Items from a data source
──────

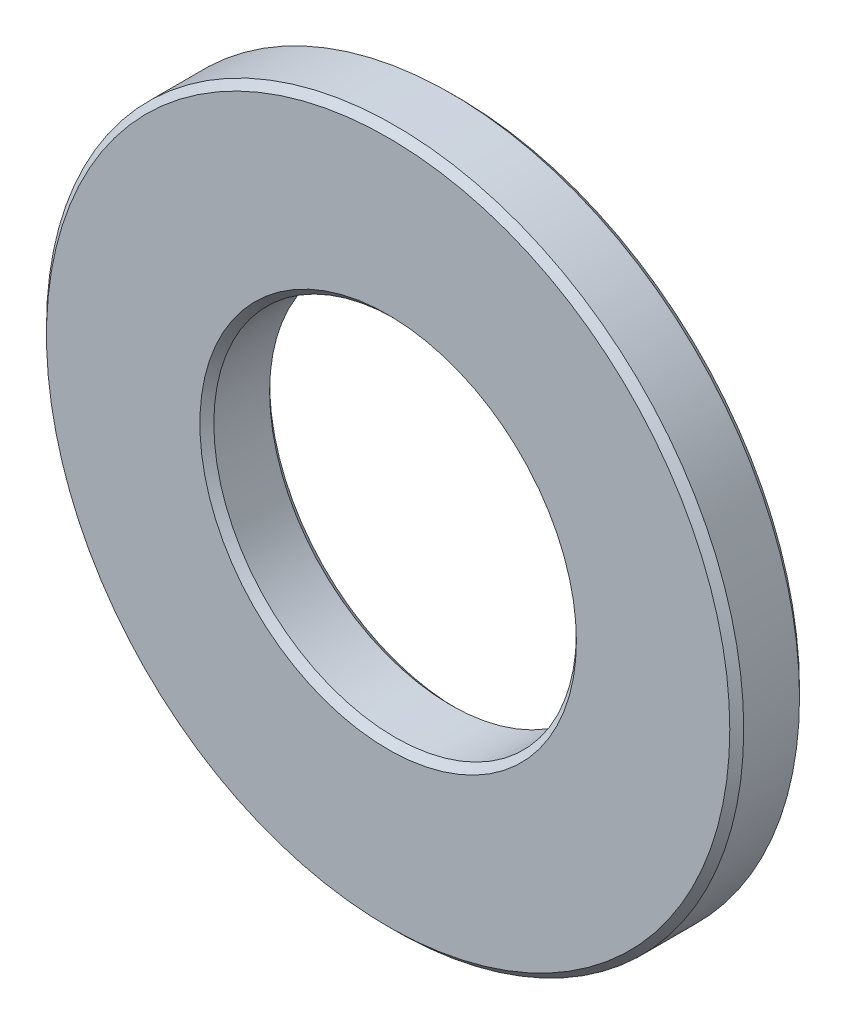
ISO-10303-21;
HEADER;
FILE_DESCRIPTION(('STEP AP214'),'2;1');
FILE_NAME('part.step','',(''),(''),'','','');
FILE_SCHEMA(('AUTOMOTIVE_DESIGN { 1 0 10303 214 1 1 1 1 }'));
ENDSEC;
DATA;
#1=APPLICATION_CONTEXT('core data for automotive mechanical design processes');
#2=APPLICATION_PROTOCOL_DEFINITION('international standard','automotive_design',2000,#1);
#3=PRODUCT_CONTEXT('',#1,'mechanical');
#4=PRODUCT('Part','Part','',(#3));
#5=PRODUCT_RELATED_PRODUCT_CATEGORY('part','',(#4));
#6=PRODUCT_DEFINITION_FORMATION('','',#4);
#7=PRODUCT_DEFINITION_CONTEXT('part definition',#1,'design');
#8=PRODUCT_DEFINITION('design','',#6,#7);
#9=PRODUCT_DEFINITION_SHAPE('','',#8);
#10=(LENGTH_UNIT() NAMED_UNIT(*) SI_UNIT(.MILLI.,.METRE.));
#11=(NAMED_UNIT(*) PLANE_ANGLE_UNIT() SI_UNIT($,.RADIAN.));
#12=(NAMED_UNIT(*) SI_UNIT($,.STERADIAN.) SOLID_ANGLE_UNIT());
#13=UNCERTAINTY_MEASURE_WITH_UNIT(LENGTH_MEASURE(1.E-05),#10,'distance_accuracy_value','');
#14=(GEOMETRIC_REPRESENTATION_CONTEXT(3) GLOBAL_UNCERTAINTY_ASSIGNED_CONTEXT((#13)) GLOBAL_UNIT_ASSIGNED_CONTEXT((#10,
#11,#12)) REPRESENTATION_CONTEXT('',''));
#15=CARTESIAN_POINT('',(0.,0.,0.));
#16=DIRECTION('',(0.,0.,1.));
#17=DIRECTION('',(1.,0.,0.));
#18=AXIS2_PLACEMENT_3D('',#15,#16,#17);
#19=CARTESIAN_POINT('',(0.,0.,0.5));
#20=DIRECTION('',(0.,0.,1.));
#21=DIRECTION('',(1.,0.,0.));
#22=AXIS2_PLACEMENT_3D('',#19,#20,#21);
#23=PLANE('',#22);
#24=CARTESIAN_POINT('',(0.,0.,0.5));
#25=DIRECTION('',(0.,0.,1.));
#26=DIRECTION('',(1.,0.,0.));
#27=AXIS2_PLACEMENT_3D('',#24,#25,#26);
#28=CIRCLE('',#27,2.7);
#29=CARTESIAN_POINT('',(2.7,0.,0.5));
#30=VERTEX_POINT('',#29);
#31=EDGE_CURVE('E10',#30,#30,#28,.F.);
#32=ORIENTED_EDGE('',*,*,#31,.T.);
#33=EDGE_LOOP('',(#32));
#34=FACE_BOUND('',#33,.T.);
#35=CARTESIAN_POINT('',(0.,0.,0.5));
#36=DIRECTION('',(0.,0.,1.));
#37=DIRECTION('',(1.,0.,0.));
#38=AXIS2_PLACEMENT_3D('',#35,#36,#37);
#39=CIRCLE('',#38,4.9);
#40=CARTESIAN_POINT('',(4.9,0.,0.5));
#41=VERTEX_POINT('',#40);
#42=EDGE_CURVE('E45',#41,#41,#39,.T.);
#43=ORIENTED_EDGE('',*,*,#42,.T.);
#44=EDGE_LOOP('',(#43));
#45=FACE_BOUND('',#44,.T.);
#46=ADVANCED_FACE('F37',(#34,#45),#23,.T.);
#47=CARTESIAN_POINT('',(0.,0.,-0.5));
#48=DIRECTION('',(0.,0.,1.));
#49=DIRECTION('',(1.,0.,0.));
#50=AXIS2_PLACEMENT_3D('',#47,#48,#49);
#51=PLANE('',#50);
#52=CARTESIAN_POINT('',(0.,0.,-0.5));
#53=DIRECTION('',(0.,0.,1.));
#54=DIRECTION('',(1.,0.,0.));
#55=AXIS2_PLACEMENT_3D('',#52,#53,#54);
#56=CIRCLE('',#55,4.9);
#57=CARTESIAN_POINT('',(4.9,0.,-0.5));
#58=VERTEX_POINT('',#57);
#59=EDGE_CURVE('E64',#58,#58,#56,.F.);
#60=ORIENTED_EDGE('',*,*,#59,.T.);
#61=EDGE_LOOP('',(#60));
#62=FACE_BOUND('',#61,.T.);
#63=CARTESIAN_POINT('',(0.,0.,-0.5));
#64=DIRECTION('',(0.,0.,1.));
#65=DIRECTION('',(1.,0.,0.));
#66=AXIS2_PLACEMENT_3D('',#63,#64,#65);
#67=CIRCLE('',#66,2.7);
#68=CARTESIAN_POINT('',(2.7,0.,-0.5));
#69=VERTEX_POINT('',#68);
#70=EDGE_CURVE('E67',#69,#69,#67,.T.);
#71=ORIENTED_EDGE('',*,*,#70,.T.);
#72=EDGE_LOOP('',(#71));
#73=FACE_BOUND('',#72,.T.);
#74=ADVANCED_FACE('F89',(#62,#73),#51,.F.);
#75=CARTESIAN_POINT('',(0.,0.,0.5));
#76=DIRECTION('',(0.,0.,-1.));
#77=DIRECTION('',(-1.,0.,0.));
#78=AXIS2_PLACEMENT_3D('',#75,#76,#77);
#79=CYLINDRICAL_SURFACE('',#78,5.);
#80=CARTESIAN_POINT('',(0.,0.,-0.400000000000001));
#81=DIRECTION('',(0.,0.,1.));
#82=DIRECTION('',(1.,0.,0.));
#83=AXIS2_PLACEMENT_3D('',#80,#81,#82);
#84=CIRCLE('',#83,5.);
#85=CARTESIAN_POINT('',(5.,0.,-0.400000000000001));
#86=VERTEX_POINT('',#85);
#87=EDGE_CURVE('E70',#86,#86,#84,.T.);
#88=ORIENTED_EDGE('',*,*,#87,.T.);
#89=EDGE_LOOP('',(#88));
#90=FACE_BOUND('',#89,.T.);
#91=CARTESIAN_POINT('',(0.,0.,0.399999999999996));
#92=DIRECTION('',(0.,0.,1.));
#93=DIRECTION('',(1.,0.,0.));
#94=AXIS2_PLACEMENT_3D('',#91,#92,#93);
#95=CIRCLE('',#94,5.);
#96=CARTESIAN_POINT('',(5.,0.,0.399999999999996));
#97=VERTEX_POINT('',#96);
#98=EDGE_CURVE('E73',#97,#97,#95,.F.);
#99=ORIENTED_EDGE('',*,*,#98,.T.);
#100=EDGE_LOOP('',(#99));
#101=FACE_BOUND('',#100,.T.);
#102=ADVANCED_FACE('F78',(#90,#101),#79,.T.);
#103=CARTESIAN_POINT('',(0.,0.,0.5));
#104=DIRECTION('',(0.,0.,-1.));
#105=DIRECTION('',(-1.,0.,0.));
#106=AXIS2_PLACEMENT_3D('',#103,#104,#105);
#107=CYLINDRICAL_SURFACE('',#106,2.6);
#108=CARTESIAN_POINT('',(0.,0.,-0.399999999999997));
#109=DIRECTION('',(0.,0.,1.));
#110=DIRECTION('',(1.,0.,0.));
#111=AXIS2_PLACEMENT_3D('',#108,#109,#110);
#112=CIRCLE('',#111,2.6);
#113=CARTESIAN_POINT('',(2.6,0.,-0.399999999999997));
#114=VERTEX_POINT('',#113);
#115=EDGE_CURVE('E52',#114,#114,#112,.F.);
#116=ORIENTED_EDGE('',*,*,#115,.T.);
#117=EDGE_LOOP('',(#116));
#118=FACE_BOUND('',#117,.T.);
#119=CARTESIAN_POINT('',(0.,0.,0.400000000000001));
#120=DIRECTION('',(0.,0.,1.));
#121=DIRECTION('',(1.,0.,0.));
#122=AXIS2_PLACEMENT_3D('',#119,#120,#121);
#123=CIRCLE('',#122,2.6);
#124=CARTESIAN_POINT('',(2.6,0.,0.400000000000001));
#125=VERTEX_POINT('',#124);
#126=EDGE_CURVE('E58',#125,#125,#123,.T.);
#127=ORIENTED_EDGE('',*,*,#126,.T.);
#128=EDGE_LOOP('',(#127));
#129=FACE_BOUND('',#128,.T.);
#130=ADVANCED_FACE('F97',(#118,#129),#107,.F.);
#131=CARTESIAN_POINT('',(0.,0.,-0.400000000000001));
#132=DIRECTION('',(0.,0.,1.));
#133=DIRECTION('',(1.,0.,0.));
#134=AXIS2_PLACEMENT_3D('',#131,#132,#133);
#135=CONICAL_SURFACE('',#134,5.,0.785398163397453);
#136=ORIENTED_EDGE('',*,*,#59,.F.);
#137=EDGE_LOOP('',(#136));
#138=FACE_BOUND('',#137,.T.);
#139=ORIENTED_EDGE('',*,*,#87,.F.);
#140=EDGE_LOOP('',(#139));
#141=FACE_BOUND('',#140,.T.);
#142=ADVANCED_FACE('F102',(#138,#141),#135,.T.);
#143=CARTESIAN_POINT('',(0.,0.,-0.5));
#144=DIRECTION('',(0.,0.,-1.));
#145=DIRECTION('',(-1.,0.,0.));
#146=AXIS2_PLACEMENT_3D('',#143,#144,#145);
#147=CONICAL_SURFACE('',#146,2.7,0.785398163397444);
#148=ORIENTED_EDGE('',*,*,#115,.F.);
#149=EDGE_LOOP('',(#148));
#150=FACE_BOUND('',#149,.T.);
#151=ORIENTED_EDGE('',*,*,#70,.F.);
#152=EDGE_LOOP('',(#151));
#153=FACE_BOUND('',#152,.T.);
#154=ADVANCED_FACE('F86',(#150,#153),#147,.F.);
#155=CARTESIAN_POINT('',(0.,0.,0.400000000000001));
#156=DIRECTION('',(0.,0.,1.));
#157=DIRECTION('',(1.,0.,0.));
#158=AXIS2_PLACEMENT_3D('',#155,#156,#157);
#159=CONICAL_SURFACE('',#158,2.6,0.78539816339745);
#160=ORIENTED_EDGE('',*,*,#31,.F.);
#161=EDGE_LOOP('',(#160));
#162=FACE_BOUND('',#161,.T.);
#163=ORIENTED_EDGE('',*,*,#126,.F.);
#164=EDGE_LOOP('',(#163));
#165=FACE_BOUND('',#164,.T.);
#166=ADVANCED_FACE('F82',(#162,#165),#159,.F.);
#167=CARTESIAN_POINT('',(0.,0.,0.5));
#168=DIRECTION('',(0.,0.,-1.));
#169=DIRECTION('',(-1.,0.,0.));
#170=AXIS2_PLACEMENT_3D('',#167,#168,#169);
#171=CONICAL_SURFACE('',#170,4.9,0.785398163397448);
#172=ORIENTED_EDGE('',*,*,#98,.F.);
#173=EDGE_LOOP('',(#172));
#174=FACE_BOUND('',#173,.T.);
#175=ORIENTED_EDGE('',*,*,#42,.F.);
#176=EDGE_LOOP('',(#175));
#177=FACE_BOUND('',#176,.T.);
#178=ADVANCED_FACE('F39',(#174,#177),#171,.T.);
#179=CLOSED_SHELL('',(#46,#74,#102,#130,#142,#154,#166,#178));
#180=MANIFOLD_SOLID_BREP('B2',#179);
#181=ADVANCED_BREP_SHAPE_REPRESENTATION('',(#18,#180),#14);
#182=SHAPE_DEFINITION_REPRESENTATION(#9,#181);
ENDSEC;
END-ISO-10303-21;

──────

Work item = Above are the entries. Output exactly the lines beginning with the line that has "#99=ORIENTED_EDGE('',*,*,#98,.T.);" and ending with the line that has "#115=EDGE_CURVE('E52',#114,#114,#112,.F.);".

Result =
#99=ORIENTED_EDGE('',*,*,#98,.T.);
#100=EDGE_LOOP('',(#99));
#101=FACE_BOUND('',#100,.T.);
#102=ADVANCED_FACE('F78',(#90,#101),#79,.T.);
#103=CARTESIAN_POINT('',(0.,0.,0.5));
#104=DIRECTION('',(0.,0.,-1.));
#105=DIRECTION('',(-1.,0.,0.));
#106=AXIS2_PLACEMENT_3D('',#103,#104,#105);
#107=CYLINDRICAL_SURFACE('',#106,2.6);
#108=CARTESIAN_POINT('',(0.,0.,-0.399999999999997));
#109=DIRECTION('',(0.,0.,1.));
#110=DIRECTION('',(1.,0.,0.));
#111=AXIS2_PLACEMENT_3D('',#108,#109,#110);
#112=CIRCLE('',#111,2.6);
#113=CARTESIAN_POINT('',(2.6,0.,-0.399999999999997));
#114=VERTEX_POINT('',#113);
#115=EDGE_CURVE('E52',#114,#114,#112,.F.);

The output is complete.